Our staff can efficiently engineer your residence to resist seismic loads from an earthquake. We can provide proper lateral resistance for the typical wood-framed home with shear walls and diaphragms. The incorporation of other conventional building materials such as concrete, masonry, and pre-engineered building products can also be considered. We can also provide practical solutions for strengthening and repair with proven renovation details. If steel framing is required, we can evaluate the need for a moment frame. We provide economical and conventional construction provisions that meet the required codes including the International Building Code (IBC), International Residential Code (IRC), ASCE 7-10, and ASCE 31-03.
Seismic Evaluation of Existing Buildings that have been designed and constructed prior to the recent the International Building Code (IBC) and International Residential Code (IRC) can be evaluated against the ASCE/SEI 31-03 code. This provides a three-tiered process for seismic evaluation of existing buildings to determine whether a building is adequately designed and constructed to resist seismic forces. The performance of the building performance looks at the structural, nonstructural, and foundation/geologic hazard issues. Reference is made back to the last release of the Uniform Building Code (UBC) which was published prior to the release of the IBC and IRC codes. Our staff is familiar with effectively implementing the requirements to provide the Life Safety or Immediate Occupancy Performance Level provisions for the structure.
The seismic evaluation of commercial structures will follow a hybrid approach to our descriptions previously mentioned for the Residential Homes and Existing Buildings. Because the structure may be new or existing, similar procedures are implemented based on the construction of the building. For each approach the appropriate building codes will be implemented to provide the most cost-effective solution.

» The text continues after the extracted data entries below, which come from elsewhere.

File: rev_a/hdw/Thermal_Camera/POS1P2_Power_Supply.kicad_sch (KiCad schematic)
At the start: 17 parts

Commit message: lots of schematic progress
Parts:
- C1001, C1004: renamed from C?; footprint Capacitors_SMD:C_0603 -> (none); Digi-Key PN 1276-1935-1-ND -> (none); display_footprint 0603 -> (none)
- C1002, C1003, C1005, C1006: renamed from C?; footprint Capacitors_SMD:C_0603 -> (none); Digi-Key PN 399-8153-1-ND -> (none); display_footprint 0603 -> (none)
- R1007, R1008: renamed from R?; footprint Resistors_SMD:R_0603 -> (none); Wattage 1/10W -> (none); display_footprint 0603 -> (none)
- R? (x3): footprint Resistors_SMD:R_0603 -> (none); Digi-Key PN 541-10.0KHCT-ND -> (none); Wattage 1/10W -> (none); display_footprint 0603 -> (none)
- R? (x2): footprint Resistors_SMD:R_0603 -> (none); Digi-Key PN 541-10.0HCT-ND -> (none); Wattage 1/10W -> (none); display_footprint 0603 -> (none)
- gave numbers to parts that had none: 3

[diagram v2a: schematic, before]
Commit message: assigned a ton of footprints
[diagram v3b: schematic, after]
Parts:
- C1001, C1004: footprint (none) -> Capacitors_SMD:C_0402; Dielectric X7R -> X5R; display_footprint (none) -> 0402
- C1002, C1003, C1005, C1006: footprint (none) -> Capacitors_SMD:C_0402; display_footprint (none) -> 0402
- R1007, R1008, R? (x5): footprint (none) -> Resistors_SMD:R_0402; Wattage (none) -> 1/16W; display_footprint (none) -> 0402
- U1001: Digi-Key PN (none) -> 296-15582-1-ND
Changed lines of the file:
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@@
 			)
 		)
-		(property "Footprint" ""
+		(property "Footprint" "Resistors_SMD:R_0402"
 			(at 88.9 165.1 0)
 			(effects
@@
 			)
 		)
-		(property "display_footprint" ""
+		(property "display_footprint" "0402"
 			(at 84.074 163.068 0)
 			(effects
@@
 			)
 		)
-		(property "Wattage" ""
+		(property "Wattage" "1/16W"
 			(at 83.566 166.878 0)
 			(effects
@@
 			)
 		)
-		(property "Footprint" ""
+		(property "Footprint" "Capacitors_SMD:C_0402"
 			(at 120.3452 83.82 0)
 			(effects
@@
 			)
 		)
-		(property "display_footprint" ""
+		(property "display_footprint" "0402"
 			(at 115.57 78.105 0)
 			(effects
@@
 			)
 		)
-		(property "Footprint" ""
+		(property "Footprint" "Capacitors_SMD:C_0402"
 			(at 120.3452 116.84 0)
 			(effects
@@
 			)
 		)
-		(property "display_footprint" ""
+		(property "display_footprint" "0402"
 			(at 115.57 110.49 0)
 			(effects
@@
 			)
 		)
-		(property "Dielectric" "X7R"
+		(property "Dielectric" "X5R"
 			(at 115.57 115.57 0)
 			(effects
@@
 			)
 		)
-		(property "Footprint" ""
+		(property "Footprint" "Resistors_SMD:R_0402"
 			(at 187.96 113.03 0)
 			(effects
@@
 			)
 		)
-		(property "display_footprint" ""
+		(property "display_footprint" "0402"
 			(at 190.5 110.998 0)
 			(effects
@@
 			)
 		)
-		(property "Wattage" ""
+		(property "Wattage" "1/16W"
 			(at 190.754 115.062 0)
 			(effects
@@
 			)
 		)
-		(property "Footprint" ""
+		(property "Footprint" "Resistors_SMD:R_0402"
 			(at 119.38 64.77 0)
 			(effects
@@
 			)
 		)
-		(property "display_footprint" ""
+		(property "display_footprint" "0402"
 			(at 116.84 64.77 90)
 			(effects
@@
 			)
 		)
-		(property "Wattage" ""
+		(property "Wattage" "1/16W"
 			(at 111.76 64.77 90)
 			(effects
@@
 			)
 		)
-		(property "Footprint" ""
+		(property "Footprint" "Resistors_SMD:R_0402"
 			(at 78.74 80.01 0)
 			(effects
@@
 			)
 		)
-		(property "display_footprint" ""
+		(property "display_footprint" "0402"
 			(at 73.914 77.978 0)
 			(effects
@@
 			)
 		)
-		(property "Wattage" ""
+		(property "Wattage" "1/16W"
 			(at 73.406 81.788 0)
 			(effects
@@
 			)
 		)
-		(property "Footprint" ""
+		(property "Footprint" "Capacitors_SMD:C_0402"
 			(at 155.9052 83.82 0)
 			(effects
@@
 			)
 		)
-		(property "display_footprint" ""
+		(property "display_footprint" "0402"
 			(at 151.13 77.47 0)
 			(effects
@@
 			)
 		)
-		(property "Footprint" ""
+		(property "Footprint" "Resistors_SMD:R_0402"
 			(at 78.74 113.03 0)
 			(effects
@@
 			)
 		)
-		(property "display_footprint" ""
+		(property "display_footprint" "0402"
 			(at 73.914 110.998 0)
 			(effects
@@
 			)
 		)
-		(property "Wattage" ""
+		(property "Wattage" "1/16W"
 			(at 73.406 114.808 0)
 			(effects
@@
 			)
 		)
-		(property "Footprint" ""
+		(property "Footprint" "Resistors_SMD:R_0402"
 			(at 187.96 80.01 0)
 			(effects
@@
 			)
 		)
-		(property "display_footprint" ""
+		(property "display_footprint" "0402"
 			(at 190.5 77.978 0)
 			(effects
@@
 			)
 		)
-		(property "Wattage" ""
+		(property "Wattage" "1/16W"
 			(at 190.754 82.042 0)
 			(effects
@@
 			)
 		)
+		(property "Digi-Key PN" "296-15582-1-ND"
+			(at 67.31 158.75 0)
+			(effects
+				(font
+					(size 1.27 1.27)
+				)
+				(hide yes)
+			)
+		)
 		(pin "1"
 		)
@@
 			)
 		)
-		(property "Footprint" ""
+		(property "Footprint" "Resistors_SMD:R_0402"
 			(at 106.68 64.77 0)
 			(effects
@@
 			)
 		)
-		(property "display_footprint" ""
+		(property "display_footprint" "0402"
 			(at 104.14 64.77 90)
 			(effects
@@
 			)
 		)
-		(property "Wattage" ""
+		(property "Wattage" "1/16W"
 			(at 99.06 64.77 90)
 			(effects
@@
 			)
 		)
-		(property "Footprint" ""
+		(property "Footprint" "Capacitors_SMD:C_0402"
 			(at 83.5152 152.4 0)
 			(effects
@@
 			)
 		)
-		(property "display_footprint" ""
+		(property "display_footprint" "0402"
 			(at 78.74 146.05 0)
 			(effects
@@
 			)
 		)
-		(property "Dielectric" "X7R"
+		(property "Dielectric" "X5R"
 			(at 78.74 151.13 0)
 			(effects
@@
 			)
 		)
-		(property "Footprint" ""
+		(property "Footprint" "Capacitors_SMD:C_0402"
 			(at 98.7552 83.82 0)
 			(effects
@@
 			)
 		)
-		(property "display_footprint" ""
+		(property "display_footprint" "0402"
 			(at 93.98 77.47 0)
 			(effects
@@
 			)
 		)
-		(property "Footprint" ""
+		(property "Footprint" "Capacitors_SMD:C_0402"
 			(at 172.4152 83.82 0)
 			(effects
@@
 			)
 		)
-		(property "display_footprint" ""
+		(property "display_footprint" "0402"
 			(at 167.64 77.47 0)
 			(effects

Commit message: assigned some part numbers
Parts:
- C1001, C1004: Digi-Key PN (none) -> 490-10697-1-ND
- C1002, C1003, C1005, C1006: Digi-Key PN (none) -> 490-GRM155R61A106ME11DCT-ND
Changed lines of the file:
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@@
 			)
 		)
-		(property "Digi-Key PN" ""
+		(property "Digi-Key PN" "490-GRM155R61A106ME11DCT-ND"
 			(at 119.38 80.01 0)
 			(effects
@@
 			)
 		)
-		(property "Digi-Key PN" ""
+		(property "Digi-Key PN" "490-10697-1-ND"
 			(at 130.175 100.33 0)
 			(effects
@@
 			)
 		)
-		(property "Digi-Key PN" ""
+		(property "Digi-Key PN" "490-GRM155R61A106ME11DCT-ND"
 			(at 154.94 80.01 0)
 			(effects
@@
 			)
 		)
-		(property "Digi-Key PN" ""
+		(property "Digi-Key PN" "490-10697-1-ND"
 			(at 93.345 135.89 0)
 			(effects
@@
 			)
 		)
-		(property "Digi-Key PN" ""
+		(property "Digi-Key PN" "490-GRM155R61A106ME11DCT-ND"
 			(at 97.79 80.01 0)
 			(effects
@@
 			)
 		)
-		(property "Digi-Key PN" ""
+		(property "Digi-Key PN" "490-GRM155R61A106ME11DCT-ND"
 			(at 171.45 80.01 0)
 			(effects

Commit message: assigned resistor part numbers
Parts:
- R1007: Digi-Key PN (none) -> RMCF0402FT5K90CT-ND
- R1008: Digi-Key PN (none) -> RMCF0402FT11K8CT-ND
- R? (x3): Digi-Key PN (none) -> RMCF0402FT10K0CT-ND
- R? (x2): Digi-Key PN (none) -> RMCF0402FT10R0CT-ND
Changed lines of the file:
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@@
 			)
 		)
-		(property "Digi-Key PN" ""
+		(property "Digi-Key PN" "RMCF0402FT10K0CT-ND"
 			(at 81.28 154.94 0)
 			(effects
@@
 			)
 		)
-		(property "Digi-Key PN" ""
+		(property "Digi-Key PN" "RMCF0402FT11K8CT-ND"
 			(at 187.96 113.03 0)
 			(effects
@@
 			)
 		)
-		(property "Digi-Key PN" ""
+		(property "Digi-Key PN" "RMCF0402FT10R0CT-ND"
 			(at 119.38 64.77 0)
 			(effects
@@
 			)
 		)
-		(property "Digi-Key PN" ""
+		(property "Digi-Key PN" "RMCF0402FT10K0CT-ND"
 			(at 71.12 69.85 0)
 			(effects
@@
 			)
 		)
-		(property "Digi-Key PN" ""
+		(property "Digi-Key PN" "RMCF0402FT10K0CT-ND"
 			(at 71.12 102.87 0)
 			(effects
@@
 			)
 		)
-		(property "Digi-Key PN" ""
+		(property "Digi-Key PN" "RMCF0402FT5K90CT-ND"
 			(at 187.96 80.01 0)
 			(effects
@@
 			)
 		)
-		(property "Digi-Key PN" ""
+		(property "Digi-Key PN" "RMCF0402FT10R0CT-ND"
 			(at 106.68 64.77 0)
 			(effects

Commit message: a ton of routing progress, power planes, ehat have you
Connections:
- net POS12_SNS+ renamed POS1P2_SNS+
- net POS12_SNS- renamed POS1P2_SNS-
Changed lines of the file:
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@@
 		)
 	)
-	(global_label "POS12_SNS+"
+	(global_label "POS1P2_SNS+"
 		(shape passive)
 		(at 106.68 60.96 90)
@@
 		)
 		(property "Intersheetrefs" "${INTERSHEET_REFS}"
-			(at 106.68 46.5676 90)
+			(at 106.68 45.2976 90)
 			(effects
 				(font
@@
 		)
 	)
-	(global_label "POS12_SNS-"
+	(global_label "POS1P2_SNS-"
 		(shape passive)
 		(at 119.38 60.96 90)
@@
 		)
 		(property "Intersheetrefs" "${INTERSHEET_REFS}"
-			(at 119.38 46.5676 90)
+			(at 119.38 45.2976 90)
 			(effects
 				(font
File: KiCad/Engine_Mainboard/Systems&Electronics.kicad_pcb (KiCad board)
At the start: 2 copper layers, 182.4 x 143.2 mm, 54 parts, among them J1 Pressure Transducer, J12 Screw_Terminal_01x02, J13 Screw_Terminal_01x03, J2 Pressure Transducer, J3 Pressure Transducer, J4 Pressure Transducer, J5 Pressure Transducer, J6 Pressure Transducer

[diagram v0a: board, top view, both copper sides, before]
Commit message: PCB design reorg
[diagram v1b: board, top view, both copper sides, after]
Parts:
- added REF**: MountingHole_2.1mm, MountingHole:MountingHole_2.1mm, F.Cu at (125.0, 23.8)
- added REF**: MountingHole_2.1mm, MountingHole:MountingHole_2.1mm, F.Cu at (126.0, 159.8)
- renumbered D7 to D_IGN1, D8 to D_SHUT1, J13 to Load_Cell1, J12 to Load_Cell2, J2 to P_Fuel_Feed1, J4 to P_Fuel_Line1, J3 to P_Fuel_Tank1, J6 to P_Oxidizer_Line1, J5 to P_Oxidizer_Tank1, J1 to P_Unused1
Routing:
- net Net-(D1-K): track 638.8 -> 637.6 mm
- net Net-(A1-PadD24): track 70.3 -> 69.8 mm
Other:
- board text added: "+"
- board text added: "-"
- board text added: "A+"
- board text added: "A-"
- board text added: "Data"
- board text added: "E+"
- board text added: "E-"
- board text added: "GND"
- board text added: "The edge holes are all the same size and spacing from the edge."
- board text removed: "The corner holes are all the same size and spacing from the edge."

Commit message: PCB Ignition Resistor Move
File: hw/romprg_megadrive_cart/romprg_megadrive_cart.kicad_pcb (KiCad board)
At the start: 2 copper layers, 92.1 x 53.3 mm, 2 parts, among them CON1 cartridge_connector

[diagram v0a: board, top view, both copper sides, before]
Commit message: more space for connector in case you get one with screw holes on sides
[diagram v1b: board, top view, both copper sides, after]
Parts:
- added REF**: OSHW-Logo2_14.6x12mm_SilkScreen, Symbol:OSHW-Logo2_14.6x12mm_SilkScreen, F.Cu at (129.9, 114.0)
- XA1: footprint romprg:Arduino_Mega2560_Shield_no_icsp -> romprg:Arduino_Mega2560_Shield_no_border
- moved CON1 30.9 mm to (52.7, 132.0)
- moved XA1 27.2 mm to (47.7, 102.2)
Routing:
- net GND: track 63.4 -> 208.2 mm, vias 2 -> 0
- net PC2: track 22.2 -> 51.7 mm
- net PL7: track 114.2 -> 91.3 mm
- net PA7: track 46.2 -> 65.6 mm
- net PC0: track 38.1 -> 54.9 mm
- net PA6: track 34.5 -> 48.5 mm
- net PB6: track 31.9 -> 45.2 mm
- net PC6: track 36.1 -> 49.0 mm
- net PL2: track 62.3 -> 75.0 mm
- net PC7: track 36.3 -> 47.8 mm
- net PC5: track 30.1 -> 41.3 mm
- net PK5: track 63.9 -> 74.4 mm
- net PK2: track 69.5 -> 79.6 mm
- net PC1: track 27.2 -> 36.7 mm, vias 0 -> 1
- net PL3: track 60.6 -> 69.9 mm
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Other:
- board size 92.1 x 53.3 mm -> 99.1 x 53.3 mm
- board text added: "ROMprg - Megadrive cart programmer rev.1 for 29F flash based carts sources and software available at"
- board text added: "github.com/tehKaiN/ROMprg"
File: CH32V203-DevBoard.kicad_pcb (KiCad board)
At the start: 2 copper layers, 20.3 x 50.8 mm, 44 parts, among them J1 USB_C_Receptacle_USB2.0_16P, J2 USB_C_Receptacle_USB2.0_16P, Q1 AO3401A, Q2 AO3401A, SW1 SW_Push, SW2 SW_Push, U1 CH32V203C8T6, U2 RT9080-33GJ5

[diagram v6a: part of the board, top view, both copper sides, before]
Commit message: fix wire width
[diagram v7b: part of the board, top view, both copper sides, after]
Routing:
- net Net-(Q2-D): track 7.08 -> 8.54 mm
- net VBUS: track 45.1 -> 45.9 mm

The seismic analysis of bridge structures will be under the direction of the local jurisdiction, and will likely follow the provisions set by the American Association of State Highway and Transportation Officials (AASHTO). Primarily, the seismic analysis will evaluated the soil-structure interactions, and the developed behavior will provide a very important role to the seismic response of bridge. Depending on the type of bridge structure, a linear or non-linear approach will be taken. The backfill of soil around the abutments can be a primary contributor to the loads considered in the longitudinal direction of the bridge. Deep foundations can be controlled by whether soil liquefaction is present. Whether it is a new or existing structure, we have the experience to incorporate the necessary parameters to fully analyze the bridge.
As with the seismic analysis of bridge structures, the approach to analyzing retaining walls for earthquake loads will follow a similar approach similar to a bridge abutment. Again, the analysis will be under the direction of the local jurisdiction, and will likely follow the provisions set by the American Association of State Highway and Transportation Officials (AASHTO). The seismic analysis will evaluate the soil-structure interaction between the retaining structure and the soil it needs to retain. The typical analysis will follow a linear approach with design loadings according to the Coulomb or Rankine theory for static loads and the Mononobe–Okabe theory for seismic loads.